Problem details
Please return, exactly and only, the lines beginning at the top of the entries below and ending with the line containing "doc.styles.add('DH-TEXT', font='')"; keep out the pictures.

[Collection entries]
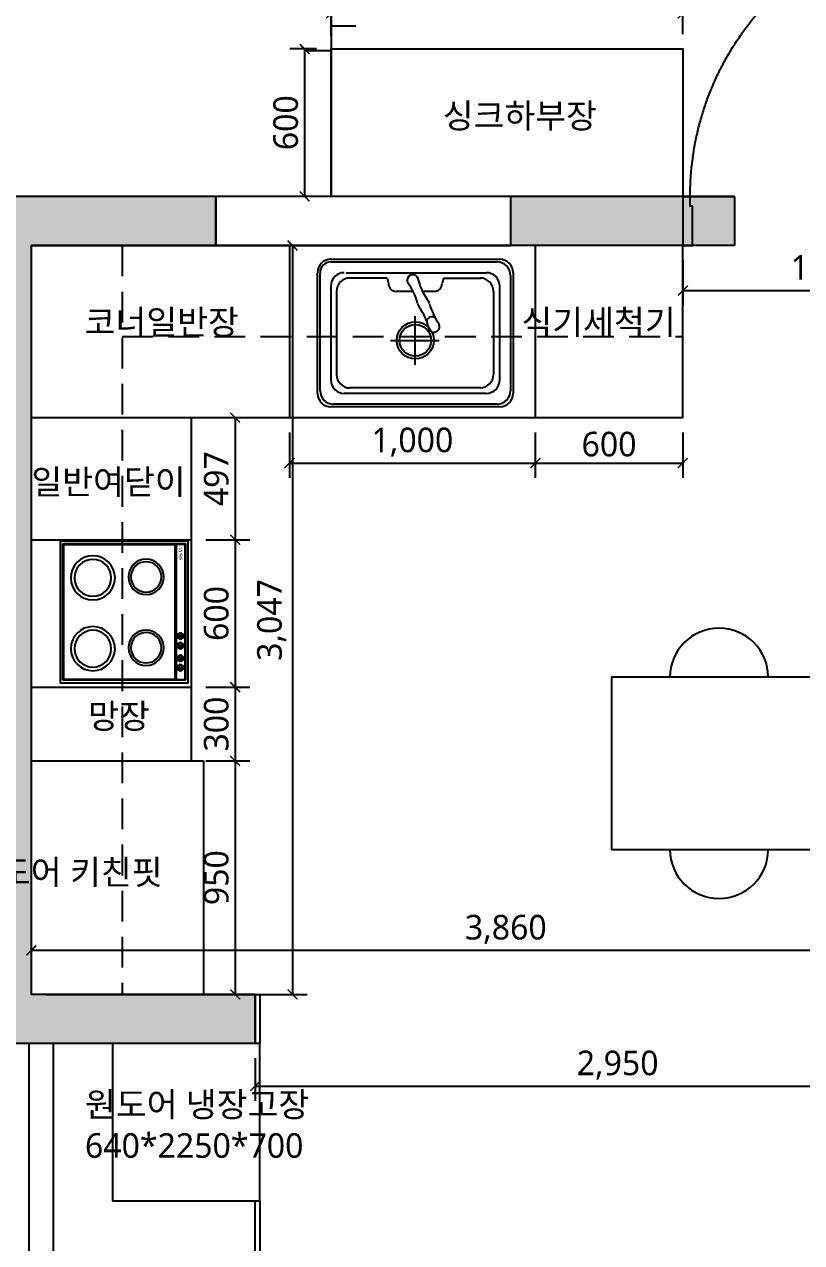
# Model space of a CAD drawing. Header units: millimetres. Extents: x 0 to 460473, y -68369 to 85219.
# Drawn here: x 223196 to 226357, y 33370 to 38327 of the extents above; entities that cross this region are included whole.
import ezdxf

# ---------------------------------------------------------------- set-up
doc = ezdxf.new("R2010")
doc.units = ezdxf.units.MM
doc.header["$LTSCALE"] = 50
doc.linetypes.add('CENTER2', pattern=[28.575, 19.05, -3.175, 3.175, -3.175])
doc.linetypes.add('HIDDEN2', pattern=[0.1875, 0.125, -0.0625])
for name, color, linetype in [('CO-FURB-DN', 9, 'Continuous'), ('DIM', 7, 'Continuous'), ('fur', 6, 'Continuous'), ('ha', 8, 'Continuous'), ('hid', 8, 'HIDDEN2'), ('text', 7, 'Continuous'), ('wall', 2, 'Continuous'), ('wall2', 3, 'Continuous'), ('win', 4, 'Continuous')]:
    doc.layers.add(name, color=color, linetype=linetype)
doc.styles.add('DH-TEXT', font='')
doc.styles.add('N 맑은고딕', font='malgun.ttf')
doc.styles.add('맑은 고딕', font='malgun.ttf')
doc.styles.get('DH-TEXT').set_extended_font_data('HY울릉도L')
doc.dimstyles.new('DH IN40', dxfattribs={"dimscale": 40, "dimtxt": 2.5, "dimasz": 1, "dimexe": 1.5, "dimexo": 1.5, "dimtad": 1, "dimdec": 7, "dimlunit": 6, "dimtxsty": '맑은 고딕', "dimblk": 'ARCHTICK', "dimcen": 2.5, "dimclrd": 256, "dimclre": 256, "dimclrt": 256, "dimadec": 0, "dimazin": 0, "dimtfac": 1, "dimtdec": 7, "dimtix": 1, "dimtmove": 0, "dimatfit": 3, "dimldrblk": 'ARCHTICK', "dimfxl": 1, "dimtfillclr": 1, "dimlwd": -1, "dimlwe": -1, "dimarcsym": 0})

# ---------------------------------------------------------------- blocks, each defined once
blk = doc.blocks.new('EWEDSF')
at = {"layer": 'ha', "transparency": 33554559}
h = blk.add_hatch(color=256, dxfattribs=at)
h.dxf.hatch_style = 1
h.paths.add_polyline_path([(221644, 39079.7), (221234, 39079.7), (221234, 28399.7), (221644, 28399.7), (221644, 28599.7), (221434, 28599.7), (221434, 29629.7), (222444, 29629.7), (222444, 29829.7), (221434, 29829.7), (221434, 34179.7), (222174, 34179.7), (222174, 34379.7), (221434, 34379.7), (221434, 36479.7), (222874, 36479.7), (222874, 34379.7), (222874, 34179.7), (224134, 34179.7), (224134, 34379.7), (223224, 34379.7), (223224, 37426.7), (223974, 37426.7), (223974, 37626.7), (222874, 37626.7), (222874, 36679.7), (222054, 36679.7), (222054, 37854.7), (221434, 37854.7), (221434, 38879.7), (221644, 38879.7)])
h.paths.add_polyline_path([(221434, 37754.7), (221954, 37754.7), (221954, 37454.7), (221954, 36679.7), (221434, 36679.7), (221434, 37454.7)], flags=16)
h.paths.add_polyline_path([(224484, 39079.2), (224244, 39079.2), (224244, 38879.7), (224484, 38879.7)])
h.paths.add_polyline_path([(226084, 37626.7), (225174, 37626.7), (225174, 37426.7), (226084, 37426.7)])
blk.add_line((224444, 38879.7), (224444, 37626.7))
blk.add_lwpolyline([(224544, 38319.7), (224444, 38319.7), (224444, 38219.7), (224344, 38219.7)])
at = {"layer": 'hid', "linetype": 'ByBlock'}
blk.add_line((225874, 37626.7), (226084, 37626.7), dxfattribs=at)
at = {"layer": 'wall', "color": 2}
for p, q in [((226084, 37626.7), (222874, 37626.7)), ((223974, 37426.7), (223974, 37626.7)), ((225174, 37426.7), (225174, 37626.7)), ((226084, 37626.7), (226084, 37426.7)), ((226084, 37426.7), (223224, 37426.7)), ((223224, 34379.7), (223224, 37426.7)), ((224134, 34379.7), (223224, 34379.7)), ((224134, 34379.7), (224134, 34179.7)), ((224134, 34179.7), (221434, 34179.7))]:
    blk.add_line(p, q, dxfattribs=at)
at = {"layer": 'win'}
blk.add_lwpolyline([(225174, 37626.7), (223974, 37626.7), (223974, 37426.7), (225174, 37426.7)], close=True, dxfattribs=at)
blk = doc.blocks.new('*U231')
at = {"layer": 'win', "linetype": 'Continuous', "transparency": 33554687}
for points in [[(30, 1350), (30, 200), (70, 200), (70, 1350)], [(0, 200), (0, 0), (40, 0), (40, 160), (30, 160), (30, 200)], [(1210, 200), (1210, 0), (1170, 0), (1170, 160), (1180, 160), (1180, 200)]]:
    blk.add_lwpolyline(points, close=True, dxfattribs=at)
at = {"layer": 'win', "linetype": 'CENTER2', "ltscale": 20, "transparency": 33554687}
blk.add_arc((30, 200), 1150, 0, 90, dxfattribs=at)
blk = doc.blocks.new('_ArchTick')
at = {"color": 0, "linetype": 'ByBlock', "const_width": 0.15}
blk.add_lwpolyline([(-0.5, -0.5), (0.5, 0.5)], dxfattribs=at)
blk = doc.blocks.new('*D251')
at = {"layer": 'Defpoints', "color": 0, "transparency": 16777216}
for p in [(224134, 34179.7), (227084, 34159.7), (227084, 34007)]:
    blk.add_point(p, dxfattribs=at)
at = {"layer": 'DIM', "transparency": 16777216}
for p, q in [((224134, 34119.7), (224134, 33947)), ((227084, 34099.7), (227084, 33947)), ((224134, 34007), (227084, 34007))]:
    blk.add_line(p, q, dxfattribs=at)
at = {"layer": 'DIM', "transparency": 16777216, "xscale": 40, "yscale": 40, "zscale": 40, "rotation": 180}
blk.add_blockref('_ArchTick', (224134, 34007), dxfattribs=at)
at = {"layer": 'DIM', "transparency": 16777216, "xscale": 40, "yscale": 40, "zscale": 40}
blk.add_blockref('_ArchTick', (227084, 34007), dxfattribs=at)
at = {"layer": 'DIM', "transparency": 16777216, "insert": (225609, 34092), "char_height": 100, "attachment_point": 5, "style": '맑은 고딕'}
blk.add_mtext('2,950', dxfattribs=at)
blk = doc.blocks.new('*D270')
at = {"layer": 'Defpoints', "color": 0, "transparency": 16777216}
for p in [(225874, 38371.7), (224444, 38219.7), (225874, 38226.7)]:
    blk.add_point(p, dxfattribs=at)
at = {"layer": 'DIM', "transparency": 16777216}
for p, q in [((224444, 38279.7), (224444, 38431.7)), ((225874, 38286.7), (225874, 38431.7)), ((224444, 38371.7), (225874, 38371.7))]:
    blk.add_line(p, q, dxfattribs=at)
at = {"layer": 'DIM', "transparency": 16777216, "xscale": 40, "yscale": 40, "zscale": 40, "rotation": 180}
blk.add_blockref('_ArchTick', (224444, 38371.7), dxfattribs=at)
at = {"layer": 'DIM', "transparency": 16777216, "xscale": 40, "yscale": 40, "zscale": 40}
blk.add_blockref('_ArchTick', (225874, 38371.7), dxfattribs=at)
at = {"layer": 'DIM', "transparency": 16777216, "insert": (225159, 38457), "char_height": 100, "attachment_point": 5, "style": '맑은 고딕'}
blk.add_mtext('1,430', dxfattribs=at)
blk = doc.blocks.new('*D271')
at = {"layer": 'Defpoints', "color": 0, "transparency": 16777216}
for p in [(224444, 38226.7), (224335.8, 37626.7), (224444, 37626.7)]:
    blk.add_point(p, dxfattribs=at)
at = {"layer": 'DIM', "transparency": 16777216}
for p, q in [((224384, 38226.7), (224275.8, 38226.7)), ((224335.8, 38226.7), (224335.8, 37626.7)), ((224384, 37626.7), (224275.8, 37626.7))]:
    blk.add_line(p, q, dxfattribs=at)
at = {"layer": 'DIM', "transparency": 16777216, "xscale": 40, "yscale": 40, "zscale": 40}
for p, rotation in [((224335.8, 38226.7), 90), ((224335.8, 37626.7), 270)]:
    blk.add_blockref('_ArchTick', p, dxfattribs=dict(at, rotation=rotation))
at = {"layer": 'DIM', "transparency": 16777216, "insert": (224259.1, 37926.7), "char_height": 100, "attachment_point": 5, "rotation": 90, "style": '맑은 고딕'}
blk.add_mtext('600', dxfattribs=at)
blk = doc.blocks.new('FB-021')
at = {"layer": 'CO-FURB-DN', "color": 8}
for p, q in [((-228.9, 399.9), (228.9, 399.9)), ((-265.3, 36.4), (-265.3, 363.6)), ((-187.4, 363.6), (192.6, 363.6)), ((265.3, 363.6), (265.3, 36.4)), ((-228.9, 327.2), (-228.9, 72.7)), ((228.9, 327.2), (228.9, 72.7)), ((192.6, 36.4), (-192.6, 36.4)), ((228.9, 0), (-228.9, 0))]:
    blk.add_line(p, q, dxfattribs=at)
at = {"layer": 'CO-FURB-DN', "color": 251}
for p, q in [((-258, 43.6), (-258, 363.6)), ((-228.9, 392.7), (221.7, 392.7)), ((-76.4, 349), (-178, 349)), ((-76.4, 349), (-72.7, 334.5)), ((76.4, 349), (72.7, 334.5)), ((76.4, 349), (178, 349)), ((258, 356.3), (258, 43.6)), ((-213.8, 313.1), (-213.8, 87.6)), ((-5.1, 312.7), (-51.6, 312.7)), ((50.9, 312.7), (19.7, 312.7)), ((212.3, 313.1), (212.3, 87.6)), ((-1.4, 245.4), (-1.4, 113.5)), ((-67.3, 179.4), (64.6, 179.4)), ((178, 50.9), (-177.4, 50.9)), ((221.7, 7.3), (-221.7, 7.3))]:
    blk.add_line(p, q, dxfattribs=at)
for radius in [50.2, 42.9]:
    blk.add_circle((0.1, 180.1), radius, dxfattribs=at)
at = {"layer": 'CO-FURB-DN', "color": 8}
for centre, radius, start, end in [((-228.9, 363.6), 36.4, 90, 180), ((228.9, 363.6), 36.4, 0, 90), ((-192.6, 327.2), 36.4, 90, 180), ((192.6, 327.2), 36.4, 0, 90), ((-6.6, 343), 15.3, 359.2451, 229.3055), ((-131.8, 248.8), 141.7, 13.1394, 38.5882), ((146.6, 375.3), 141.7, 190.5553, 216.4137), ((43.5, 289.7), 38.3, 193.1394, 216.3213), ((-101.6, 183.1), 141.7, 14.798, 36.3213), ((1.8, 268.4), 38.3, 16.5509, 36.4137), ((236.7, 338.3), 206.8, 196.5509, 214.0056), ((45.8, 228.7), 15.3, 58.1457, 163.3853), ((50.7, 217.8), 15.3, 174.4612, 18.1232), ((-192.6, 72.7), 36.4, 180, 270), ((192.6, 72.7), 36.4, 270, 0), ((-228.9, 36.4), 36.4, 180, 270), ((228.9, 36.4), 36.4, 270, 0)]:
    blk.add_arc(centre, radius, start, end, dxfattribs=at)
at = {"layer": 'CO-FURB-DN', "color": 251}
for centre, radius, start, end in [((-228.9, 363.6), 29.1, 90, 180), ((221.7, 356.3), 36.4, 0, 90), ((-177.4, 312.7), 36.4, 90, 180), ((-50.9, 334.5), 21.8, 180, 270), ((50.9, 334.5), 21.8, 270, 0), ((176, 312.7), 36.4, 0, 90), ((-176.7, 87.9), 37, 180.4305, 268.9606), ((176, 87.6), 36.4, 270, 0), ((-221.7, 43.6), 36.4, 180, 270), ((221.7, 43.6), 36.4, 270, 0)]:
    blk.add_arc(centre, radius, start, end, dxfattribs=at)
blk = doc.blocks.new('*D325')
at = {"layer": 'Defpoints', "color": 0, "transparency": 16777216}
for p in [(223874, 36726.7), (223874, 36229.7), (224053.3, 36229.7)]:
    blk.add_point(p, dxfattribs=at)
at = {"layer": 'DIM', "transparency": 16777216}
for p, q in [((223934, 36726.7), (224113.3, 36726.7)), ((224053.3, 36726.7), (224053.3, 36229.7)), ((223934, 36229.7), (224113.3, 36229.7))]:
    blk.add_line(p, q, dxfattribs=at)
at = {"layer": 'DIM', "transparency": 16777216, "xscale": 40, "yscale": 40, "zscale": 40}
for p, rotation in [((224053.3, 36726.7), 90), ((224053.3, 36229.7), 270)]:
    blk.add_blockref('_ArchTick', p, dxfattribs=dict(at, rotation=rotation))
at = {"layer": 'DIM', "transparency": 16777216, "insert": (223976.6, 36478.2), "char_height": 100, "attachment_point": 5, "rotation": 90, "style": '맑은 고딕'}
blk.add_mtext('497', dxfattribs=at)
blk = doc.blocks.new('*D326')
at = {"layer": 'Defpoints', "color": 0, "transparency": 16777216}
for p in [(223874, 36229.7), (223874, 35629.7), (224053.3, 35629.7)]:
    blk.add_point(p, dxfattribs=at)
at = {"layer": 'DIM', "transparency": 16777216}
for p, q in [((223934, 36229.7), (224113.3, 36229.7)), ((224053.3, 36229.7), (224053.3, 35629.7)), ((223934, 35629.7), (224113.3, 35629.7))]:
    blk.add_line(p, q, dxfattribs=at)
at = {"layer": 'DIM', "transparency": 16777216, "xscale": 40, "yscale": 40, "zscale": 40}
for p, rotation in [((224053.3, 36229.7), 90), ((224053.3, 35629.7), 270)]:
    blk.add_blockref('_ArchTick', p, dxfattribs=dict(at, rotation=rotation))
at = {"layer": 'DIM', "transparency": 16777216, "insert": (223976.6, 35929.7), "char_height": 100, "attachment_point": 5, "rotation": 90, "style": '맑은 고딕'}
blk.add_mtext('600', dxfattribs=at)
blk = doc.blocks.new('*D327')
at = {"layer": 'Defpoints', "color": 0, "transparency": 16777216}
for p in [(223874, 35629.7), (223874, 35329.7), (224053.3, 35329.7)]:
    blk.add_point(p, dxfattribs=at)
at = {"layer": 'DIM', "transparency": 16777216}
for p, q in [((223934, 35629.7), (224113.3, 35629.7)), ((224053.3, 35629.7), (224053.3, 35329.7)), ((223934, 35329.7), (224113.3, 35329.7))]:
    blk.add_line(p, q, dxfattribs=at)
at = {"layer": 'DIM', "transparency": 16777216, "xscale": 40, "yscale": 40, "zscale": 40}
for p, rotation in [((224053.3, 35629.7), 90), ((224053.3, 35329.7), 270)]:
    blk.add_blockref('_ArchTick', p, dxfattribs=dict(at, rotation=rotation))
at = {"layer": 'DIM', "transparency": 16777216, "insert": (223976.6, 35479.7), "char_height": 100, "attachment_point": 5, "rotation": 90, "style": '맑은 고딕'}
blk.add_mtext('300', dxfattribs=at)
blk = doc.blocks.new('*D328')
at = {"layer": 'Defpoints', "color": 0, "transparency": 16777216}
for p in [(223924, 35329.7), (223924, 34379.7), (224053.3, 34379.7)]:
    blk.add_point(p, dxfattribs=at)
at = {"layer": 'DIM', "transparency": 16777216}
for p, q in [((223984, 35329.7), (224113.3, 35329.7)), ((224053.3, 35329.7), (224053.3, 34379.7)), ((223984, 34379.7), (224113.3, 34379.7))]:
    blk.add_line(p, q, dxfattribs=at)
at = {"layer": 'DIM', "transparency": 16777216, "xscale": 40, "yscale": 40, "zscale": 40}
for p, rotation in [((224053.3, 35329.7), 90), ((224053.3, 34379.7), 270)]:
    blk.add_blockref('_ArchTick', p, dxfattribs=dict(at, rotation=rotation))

Answer space
# Model space of a CAD drawing. Header units: millimetres. Extents: x 0 to 460473, y -68369 to 85219.
# Drawn here: x 223196 to 226357, y 33370 to 38327 of the extents above; entities that cross this region are included whole.
import ezdxf

# ---------------------------------------------------------------- set-up
doc = ezdxf.new("R2010")
doc.units = ezdxf.units.MM
doc.header["$LTSCALE"] = 50
doc.linetypes.add('CENTER2', pattern=[28.575, 19.05, -3.175, 3.175, -3.175])
doc.linetypes.add('HIDDEN2', pattern=[0.1875, 0.125, -0.0625])
for name, color, linetype in [('CO-FURB-DN', 9, 'Continuous'), ('DIM', 7, 'Continuous'), ('fur', 6, 'Continuous'), ('ha', 8, 'Continuous'), ('hid', 8, 'HIDDEN2'), ('text', 7, 'Continuous'), ('wall', 2, 'Continuous'), ('wall2', 3, 'Continuous'), ('win', 4, 'Continuous')]:
    doc.layers.add(name, color=color, linetype=linetype)
doc.styles.add('DH-TEXT', font='')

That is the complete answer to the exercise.